Please return, exactly and only, the lines beginning at the top of the entries below and ending with the line containing "color=color, linetype=linetype, lineweight=lineweight)"; keep out the pictures.

Dataset extract Start Marker

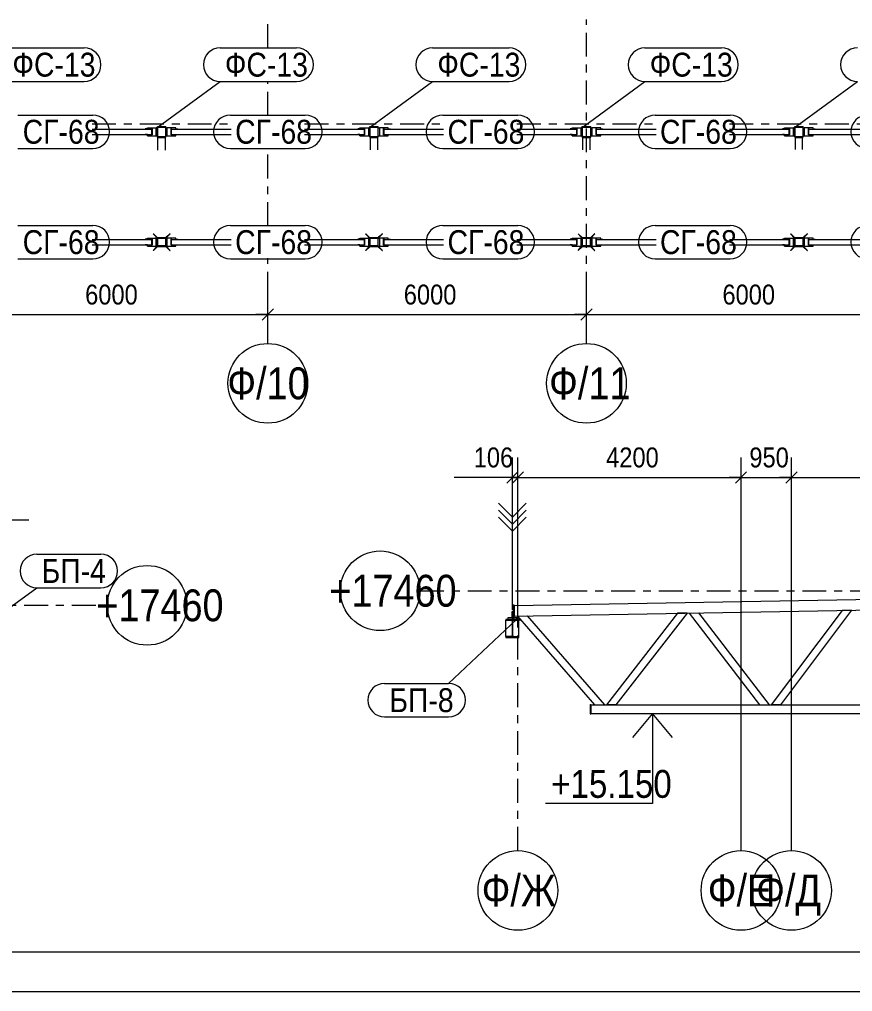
# Model space of a CAD drawing. Header units: millimetres. Extents: x -59 to 782, y -224 to 370.
# Drawn here: x 135.3 to 239.9, y -224 to -102 of the extents above; entities that cross this region are included whole.
import ezdxf

# ---------------------------------------------------------------- set-up
doc = ezdxf.new("R2010")
doc.units = ezdxf.units.MM
doc.linetypes.add('XKITLINE00', pattern=[0])
doc.linetypes.add('XKITLINE03', pattern=[6, 3, -1, 1, -1])
for name, color, linetype, lineweight in [('DrawingSheet', 5, 'Continuous', 0), ('LevelText', 7, 'Continuous', 0), ('Part', 2, 'Continuous', 0), ('PartMark', 3, 'Continuous', 0), ('S-GRID', 1, 'Continuous', 0), ('Z-DIMENSIONS', 1, 'Continuous', 0)]:
    doc.layers.add(name, color=color, linetype=linetype, lineweight=lineweight)
doc.styles.add('GOST type A', font='ARIAL.TTF')

msp = doc.modelspace()

# ---------------------------------------------------------------- linework, layer by layer
at = {"layer": 'DrawingSheet', "linetype": 'XKITLINE00', "lineweight": 0}
for p, q in [((-39.2, -219), (776.8, -219)), ((-59.2, -224), (781.8, -224))]:
    msp.add_line(p, q, dxfattribs=at)
at = {"layer": 'LevelText', "linetype": 'XKITLINE00', "lineweight": 0}
for p, q in [((214.8, -189.1), (212.3, -192.1)), ((214.8, -189.1), (214.8, -200.39)), ((217.3, -192.1), (214.8, -189.1)), ((213.5, -200.39), (201.38, -200.39)), ((214.8, -200.39), (213.5, -200.39))]:
    msp.add_line(p, q, dxfattribs=at)
at = {"layer": 'Part', "linetype": 'XKITLINE00', "lineweight": 0}
for p, q in [((144.45, -115.77), (151.93, -115.77)), ((151.13, -115.77), (151.13, -115.74)), ((151.13, -115.77), (151.13, -115.74)), ((151.39, -115.74), (151.13, -115.74)), ((151.39, -115.74), (151.39, -115.6)), ((151.39, -115.6), (152.51, -115.6)), ((151.39, -115.77), (151.39, -115.74)), ((151.98, -115.7), (151.93, -115.7)), ((151.93, -115.7), (151.93, -116.5)), ((151.93, -115.77), (151.93, -115.7)), ((151.98, -115.7), (151.98, -116.5)), ((152.51, -116.6), (152.51, -115.6)), ((152.65, -115.6), (152.51, -115.6)), ((152.65, -115.46), (152.65, -115.44)), ((152.65, -116.79), (152.65, -115.46)), ((153.71, -115.46), (152.65, -115.46)), ((152.65, -116.6), (152.65, -115.6)), ((152.69, -116.75), (152.69, -115.51)), ((152.69, -115.51), (153.67, -115.51)), ((153.66, -115.46), (153.61, -115.51)), ((153.67, -115.51), (153.67, -116.75)), ((153.71, -115.46), (153.71, -115.44)), ((153.71, -116.79), (153.71, -115.46)), ((153.71, -115.6), (153.85, -115.6)), ((154.97, -115.6), (153.85, -115.6)), ((153.85, -115.6), (153.85, -116.6)), ((154.38, -116.5), (154.38, -115.7)), ((154.38, -115.7), (154.43, -115.7)), ((154.38, -116.5), (154.38, -115.7)), ((154.43, -116.5), (154.43, -115.7)), ((154.43, -115.77), (161.91, -115.77)), ((154.97, -115.74), (154.97, -115.6)), ((154.97, -115.74), (155.23, -115.74)), ((154.97, -115.77), (154.97, -115.74)), ((155.23, -115.74), (155.23, -115.77)), ((171.12, -115.77), (178.59, -115.77)), ((177.79, -115.77), (177.79, -115.74)), ((177.79, -115.77), (177.79, -115.74)), ((178.06, -115.74), (177.79, -115.74)), ((178.06, -115.74), (178.06, -115.6)), ((178.06, -115.6), (179.18, -115.6)), ((178.06, -115.77), (178.06, -115.74)), ((178.65, -115.7), (178.59, -115.7)), ((178.59, -115.7), (178.59, -116.5)), ((178.59, -115.77), (178.59, -115.7)), ((178.65, -115.7), (178.65, -116.5)), ((179.18, -116.6), (179.18, -115.6)), ((179.31, -115.6), (179.18, -115.6)), ((179.31, -115.46), (179.31, -115.44)), ((179.31, -116.79), (179.31, -115.46)), ((180.38, -115.46), (179.31, -115.46)), ((179.31, -116.6), (179.31, -115.6)), ((179.36, -116.75), (179.36, -115.51)), ((179.36, -115.51), (180.33, -115.51)), ((180.33, -115.51), (180.33, -116.75)), ((180.38, -115.46), (180.38, -115.44)), ((180.38, -116.79), (180.38, -115.46)), ((180.38, -115.6), (180.51, -115.6)), ((181.63, -115.6), (180.51, -115.6)), ((180.51, -115.6), (180.51, -116.6)), ((181.05, -116.5), (181.05, -115.7)), ((181.05, -115.7), (181.1, -115.7)), ((181.05, -116.5), (181.05, -115.7)), ((181.1, -116.5), (181.1, -115.7)), ((181.1, -115.77), (188.57, -115.77)), ((181.63, -115.74), (181.63, -115.6)), ((181.63, -115.74), (181.9, -115.74)), ((181.63, -115.77), (181.63, -115.74)), ((181.9, -115.74), (181.9, -115.77)), ((197.79, -115.77), (205.26, -115.77)), ((204.46, -115.77), (204.46, -115.74)), ((204.46, -115.77), (204.46, -115.74)), ((204.73, -115.74), (204.46, -115.74)), ((204.73, -115.74), (204.73, -115.6)), ((204.73, -115.6), (205.85, -115.6)), ((204.73, -115.77), (204.73, -115.74)), ((205.31, -115.7), (205.26, -115.7)), ((205.26, -115.7), (205.26, -116.5)), ((205.26, -115.77), (205.26, -115.7)), ((205.31, -115.7), (205.31, -116.5)), ((205.85, -116.6), (205.85, -115.6)), ((205.98, -115.6), (205.85, -115.6)), ((205.98, -115.46), (205.98, -115.44)), ((205.98, -116.79), (205.98, -115.46)), ((207.05, -115.46), (205.98, -115.46)), ((205.98, -116.6), (205.98, -115.6)), ((206.03, -116.75), (206.03, -115.51)), ((206.03, -115.51), (207, -115.51)), ((207, -115.51), (207, -116.75)), ((207.05, -115.61), (207, -115.66)), ((207.05, -115.46), (207.05, -115.44)), ((207.05, -116.79), (207.05, -115.46)), ((207.05, -115.6), (207.18, -115.6)), ((208.3, -115.6), (207.18, -115.6)), ((207.18, -115.6), (207.18, -116.6)), ((207.71, -116.5), (207.71, -115.7)), ((207.71, -115.7), (207.77, -115.7)), ((207.71, -116.5), (207.71, -115.7)), ((207.77, -116.5), (207.77, -115.7)), ((207.77, -115.77), (215.24, -115.77)), ((208.3, -115.74), (208.3, -115.6)), ((208.3, -115.74), (208.57, -115.74)), ((208.3, -115.77), (208.3, -115.74)), ((208.57, -115.74), (208.57, -115.77)), ((224.45, -115.77), (231.93, -115.77)), ((231.13, -115.77), (231.13, -115.74)), ((231.13, -115.77), (231.13, -115.74)), ((231.39, -115.74), (231.13, -115.74)), ((231.39, -115.74), (231.39, -115.6)), ((231.39, -115.6), (232.51, -115.6)), ((231.39, -115.77), (231.39, -115.74)), ((231.98, -115.7), (231.93, -115.7)), ((231.93, -115.7), (231.93, -116.5)), ((231.93, -115.77), (231.93, -115.7)), ((231.98, -115.7), (231.98, -116.5)), ((232.51, -116.6), (232.51, -115.6)), ((232.65, -115.6), (232.51, -115.6)), ((232.65, -115.46), (232.65, -115.44)), ((232.65, -116.79), (232.65, -115.46)), ((233.71, -115.46), (232.65, -115.46)), ((232.65, -116.6), (232.65, -115.6)), ((232.69, -115.61), (232.65, -115.66)), ((232.69, -116.75), (232.69, -115.51)), ((232.69, -115.51), (233.67, -115.51)), ((232.85, -115.46), (232.8, -115.51)), ((233.67, -115.51), (233.67, -116.75)), ((233.71, -115.46), (233.71, -115.44)), ((233.71, -116.79), (233.71, -115.46)), ((233.71, -115.6), (233.85, -115.6)), ((234.97, -115.6), (233.85, -115.6)), ((233.85, -115.6), (233.85, -116.6)), ((234.38, -116.5), (234.38, -115.7)), ((234.38, -115.7), (234.43, -115.7)), ((234.38, -116.5), (234.38, -115.7)), ((234.43, -116.5), (234.43, -115.7)), ((234.43, -115.77), (241.91, -115.77)), ((234.97, -115.74), (234.97, -115.6)), ((234.97, -115.74), (235.23, -115.74)), ((234.97, -115.77), (234.97, -115.74)), ((235.23, -115.74), (235.23, -115.77)), ((144.45, -116.44), (151.93, -116.44)), ((151.13, -116.46), (151.13, -116.44)), ((151.13, -116.46), (151.13, -116.44)), ((151.39, -116.46), (151.13, -116.46)), ((151.39, -116.46), (151.39, -116.44)), ((151.39, -116.6), (151.39, -116.46)), ((151.39, -116.6), (152.51, -116.6)), ((151.93, -116.5), (151.93, -116.44)), ((151.98, -116.5), (151.93, -116.5)), ((152.51, -116.6), (152.65, -116.6)), ((152.69, -116.43), (152.65, -116.47)), ((152.65, -116.79), (152.65, -116.77)), ((152.65, -116.79), (153.71, -116.79)), ((153.67, -116.75), (152.69, -116.75)), ((152.71, -116.81), (152.71, -116.79)), ((152.71, -116.81), (153.65, -116.81)), ((152.71, -118.4), (152.71, -116.81)), ((152.76, -116.81), (152.76, -116.79)), ((152.76, -116.81), (153.6, -116.81)), ((153.6, -116.81), (153.6, -116.79)), ((153.6, -116.81), (153.6, -116.79)), ((153.65, -116.81), (153.65, -116.79)), ((153.65, -118.39), (153.65, -116.81)), ((153.67, -116.75), (153.67, -116.73)), ((153.71, -116.6), (153.85, -116.6)), ((153.85, -116.6), (154.97, -116.6)), ((154.38, -116.5), (154.43, -116.5)), ((154.43, -116.44), (161.91, -116.44)), ((154.97, -116.44), (154.97, -116.46)), ((154.97, -116.6), (154.97, -116.46)), ((154.97, -116.46), (155.23, -116.46)), ((155.23, -116.46), (155.23, -116.44)), ((171.12, -116.44), (178.59, -116.44)), ((177.79, -116.46), (177.79, -116.44)), ((177.79, -116.46), (177.79, -116.44)), ((178.06, -116.46), (177.79, -116.46)), ((178.06, -116.46), (178.06, -116.44)), ((178.06, -116.6), (178.06, -116.46)), ((178.06, -116.6), (179.18, -116.6)), ((178.59, -116.5), (178.59, -116.44)), ((178.65, -116.5), (178.59, -116.5)), ((179.18, -116.6), (179.31, -116.6)), ((179.31, -116.79), (179.31, -116.77)), ((179.31, -116.79), (180.38, -116.79)), ((180.33, -116.75), (179.36, -116.75)), ((179.38, -116.81), (179.38, -116.79)), ((179.38, -116.81), (180.31, -116.81)), ((179.38, -118.37), (179.38, -116.81)), ((179.43, -116.81), (179.43, -116.79)), ((179.43, -116.81), (180.27, -116.81)), ((180.26, -116.75), (180.22, -116.79)), ((180.27, -116.81), (180.27, -116.79)), ((180.27, -116.81), (180.27, -116.79)), ((180.31, -116.81), (180.31, -116.79)), ((180.31, -118.37), (180.31, -116.81)), ((180.38, -116.63), (180.33, -116.68)), ((180.33, -116.75), (180.33, -116.73)), ((180.38, -116.6), (180.51, -116.6)), ((180.51, -116.6), (181.63, -116.6)), ((181.05, -116.5), (181.1, -116.5)), ((181.1, -116.44), (188.57, -116.44)), ((181.63, -116.44), (181.63, -116.46)), ((181.63, -116.6), (181.63, -116.46)), ((181.63, -116.46), (181.9, -116.46)), ((181.9, -116.46), (181.9, -116.44)), ((197.79, -116.44), (205.26, -116.44)), ((204.46, -116.46), (204.46, -116.44)), ((204.46, -116.46), (204.46, -116.44)), ((204.73, -116.46), (204.46, -116.46)), ((204.73, -116.46), (204.73, -116.44)), ((204.73, -116.6), (204.73, -116.46)), ((204.73, -116.6), (205.85, -116.6)), ((205.26, -116.5), (205.26, -116.44)), ((205.31, -116.5), (205.26, -116.5)), ((205.85, -116.6), (205.98, -116.6)), ((206.03, -116.63), (205.98, -116.68)), ((205.98, -116.79), (205.98, -116.77)), ((205.98, -116.79), (207.05, -116.79)), ((207, -116.75), (206.03, -116.75)), ((206.05, -116.81), (206.05, -116.79)), ((206.05, -116.81), (206.98, -116.81)), ((206.05, -118.35), (206.05, -116.81)), ((206.09, -116.81), (206.09, -116.79)), ((206.09, -116.81), (206.93, -116.81)), ((206.93, -116.81), (206.93, -116.79)), ((206.93, -116.8), (206.93, -116.79)), ((206.98, -116.81), (206.98, -116.79)), ((206.98, -118.35), (206.98, -116.81)), ((207, -116.75), (207, -116.73)), ((207.05, -116.6), (207.18, -116.6)), ((207.18, -116.6), (208.3, -116.6)), ((207.71, -116.5), (207.77, -116.5)), ((207.77, -116.44), (215.24, -116.44)), ((208.3, -116.44), (208.3, -116.46)), ((208.3, -116.6), (208.3, -116.46)), ((208.3, -116.46), (208.57, -116.46)), ((208.57, -116.46), (208.57, -116.44)), ((224.45, -116.44), (231.93, -116.44)), ((231.13, -116.46), (231.13, -116.44)), ((231.13, -116.46), (231.13, -116.44)), ((231.39, -116.46), (231.13, -116.46)), ((231.39, -116.46), (231.39, -116.44)), ((231.39, -116.6), (231.39, -116.46)), ((231.39, -116.6), (232.51, -116.6)), ((231.93, -116.5), (231.93, -116.44)), ((231.98, -116.5), (231.93, -116.5)), ((232.51, -116.6), (232.65, -116.6)), ((232.65, -116.79), (232.65, -116.77)), ((232.65, -116.79), (233.71, -116.79)), ((233.67, -116.75), (232.69, -116.75)), ((232.71, -116.79), (232.71, -116.81)), ((233.65, -116.81), (232.71, -116.81)), ((232.71, -116.81), (232.71, -118.33)), ((232.76, -116.79), (232.76, -116.81)), ((232.76, -116.81), (233.6, -116.81)), ((233.6, -116.81), (233.6, -116.79)), ((233.65, -116.79), (233.65, -116.81)), ((233.65, -118.33), (233.65, -116.81)), ((233.67, -116.75), (233.67, -116.73)), ((233.71, -116.6), (233.85, -116.6)), ((233.85, -116.6), (234.97, -116.6)), ((234.38, -116.5), (234.43, -116.5)), ((234.43, -116.44), (241.91, -116.44)), ((234.97, -116.44), (234.97, -116.46)), ((234.97, -116.6), (234.97, -116.46)), ((234.97, -116.46), (235.23, -116.46)), ((235.23, -116.46), (235.23, -116.44)), ((152.11, -128.92), (152.15, -128.89)), ((152.49, -129.3), (152.11, -128.92)), ((152.11, -128.92), (152.62, -129.43)), ((152.15, -128.89), (152.66, -129.4)), ((152.63, -129.44), (152.49, -129.3)), ((152.53, -129.34), (152.53, -129.26)), ((153.69, -129.4), (153.83, -129.26)), ((154.21, -128.89), (153.7, -129.4)), ((153.74, -129.43), (154.25, -128.92)), ((153.83, -129.26), (154.21, -128.89)), ((154.25, -128.92), (154.21, -128.89)), ((178.78, -128.92), (178.82, -128.89)), ((179.16, -129.3), (178.78, -128.92)), ((178.78, -128.92), (179.28, -129.42)), ((178.82, -128.89), (179.32, -129.39)), ((179.29, -129.44), (179.16, -129.3)), ((180.36, -129.4), (180.5, -129.26)), ((180.88, -128.89), (180.38, -129.39)), ((180.41, -129.42), (180.91, -128.92)), ((180.5, -129.26), (180.88, -128.89)), ((180.91, -128.92), (180.88, -128.89)), ((205.45, -128.92), (205.48, -128.89)), ((205.82, -129.3), (205.45, -128.92)), ((205.45, -128.92), (205.94, -129.41)), ((205.48, -128.89), (205.97, -129.38)), ((205.96, -129.44), (205.82, -129.3)), ((207.03, -129.4), (207.17, -129.26)), ((207.54, -128.89), (207.05, -129.37)), ((207.09, -129.41), (207.58, -128.92)), ((207.17, -129.26), (207.54, -128.89)), ((207.58, -128.92), (207.54, -128.89)), ((232.11, -128.92), (232.15, -128.89)), ((232.49, -129.3), (232.11, -128.92)), ((232.11, -128.92), (232.59, -129.4)), ((232.15, -128.89), (232.63, -129.36)), ((232.63, -129.44), (232.49, -129.3)), ((233.69, -129.4), (233.83, -129.26)), ((234.21, -128.89), (233.73, -129.36)), ((233.77, -129.4), (234.25, -128.92)), ((233.83, -129.26), (234.21, -128.89)), ((234.25, -128.92), (234.21, -128.89)), ((144.45, -129.62), (151.93, -129.62)), ((144.45, -130.29), (151.93, -130.29)), ((151.13, -129.62), (151.13, -129.59)), ((151.13, -129.62), (151.13, -129.59)), ((151.39, -129.59), (151.13, -129.59)), ((151.13, -130.31), (151.13, -130.29)), ((151.13, -130.31), (151.13, -130.29)), ((151.39, -130.31), (151.13, -130.31)), ((151.39, -129.59), (151.39, -129.45)), ((151.39, -129.45), (152.51, -129.45)), ((151.39, -129.62), (151.39, -129.59)), ((151.39, -130.31), (151.39, -130.29)), ((151.39, -130.45), (151.39, -130.31)), ((151.39, -130.45), (152.51, -130.45)), ((151.98, -129.55), (151.93, -129.55)), ((151.93, -129.55), (151.93, -130.35)), ((151.93, -129.62), (151.93, -129.55)), ((151.93, -130.35), (151.93, -130.29)), ((151.98, -130.35), (151.93, -130.35)), ((151.98, -129.55), (151.98, -130.35)), ((152.11, -130.98), (152.62, -130.47)), ((152.66, -130.51), (152.15, -131.02)), ((152.49, -130.6), (152.63, -130.47)), ((152.51, -130.45), (152.51, -129.45)), ((152.65, -129.45), (152.51, -129.45)), ((152.51, -130.45), (152.65, -130.45)), ((152.62, -129.43), (152.66, -129.4)), ((152.63, -129.44), (152.62, -129.43)), ((152.63, -130.47), (152.62, -130.47)), ((152.62, -130.47), (152.66, -130.51)), ((152.67, -129.4), (152.63, -129.44)), ((152.63, -129.44), (152.63, -129.44)), ((152.67, -130.5), (152.63, -130.47)), ((152.63, -130.47), (152.63, -130.47)), ((152.65, -130.49), (152.65, -129.42)), ((153.71, -129.42), (152.65, -129.42)), ((152.65, -130.45), (152.65, -129.45)), ((152.65, -130.49), (153.71, -130.49)), ((152.66, -129.4), (152.67, -129.4)), ((152.66, -130.51), (152.67, -130.5)), ((152.75, -129.47), (152.7, -129.42)), ((152.7, -130.43), (152.7, -129.47)), ((152.7, -129.47), (153.66, -129.47)), ((153.66, -130.43), (152.7, -130.43)), ((153.66, -129.47), (153.66, -130.43)), ((153.71, -130.44), (153.66, -130.38)), ((153.71, -129.42), (153.69, -129.4)), ((153.7, -129.4), (153.69, -129.4)), ((153.69, -129.4), (153.69, -129.4)), ((153.71, -129.42), (153.69, -129.4)), ((153.69, -130.5), (153.73, -130.47)), ((153.69, -130.5), (153.71, -130.49)), ((153.7, -130.51), (153.69, -130.5)), ((153.83, -130.64), (153.69, -130.5)), ((153.69, -130.5), (153.69, -130.5)), ((153.7, -129.4), (153.74, -129.43)), ((153.74, -130.47), (153.7, -130.51)), ((153.7, -130.51), (154.21, -131.02)), ((153.71, -130.49), (153.71, -129.42)), ((153.73, -129.44), (153.71, -129.42)), ((153.73, -129.44), (153.71, -129.42)), ((153.71, -129.45), (153.85, -129.45)), ((153.71, -130.45), (153.85, -130.45)), ((153.71, -130.49), (153.73, -130.47)), ((153.74, -129.43), (153.73, -129.44)), ((153.73, -129.44), (153.73, -129.44)), ((153.74, -130.47), (153.73, -130.47)), ((153.73, -130.47), (153.73, -130.47)), ((154.25, -130.98), (153.74, -130.47)), ((154.97, -129.45), (153.85, -129.45)), ((153.85, -129.45), (153.85, -130.45)), ((153.85, -130.45), (154.97, -130.45)), ((154.38, -130.35), (154.38, -129.55)), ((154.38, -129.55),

Dataset extract End Marker

(Solution below)
# Model space of a CAD drawing. Header units: millimetres. Extents: x -59 to 782, y -224 to 370.
# Drawn here: x 135.3 to 239.9, y -224 to -102 of the extents above; entities that cross this region are included whole.
import ezdxf

# ---------------------------------------------------------------- set-up
doc = ezdxf.new("R2010")
doc.units = ezdxf.units.MM
doc.linetypes.add('XKITLINE00', pattern=[0])
doc.linetypes.add('XKITLINE03', pattern=[6, 3, -1, 1, -1])
for name, color, linetype, lineweight in [('DrawingSheet', 5, 'Continuous', 0), ('LevelText', 7, 'Continuous', 0), ('Part', 2, 'Continuous', 0), ('PartMark', 3, 'Continuous', 0), ('S-GRID', 1, 'Continuous', 0), ('Z-DIMENSIONS', 1, 'Continuous', 0)]:
    doc.layers.add(name, color=color, linetype=linetype, lineweight=lineweight)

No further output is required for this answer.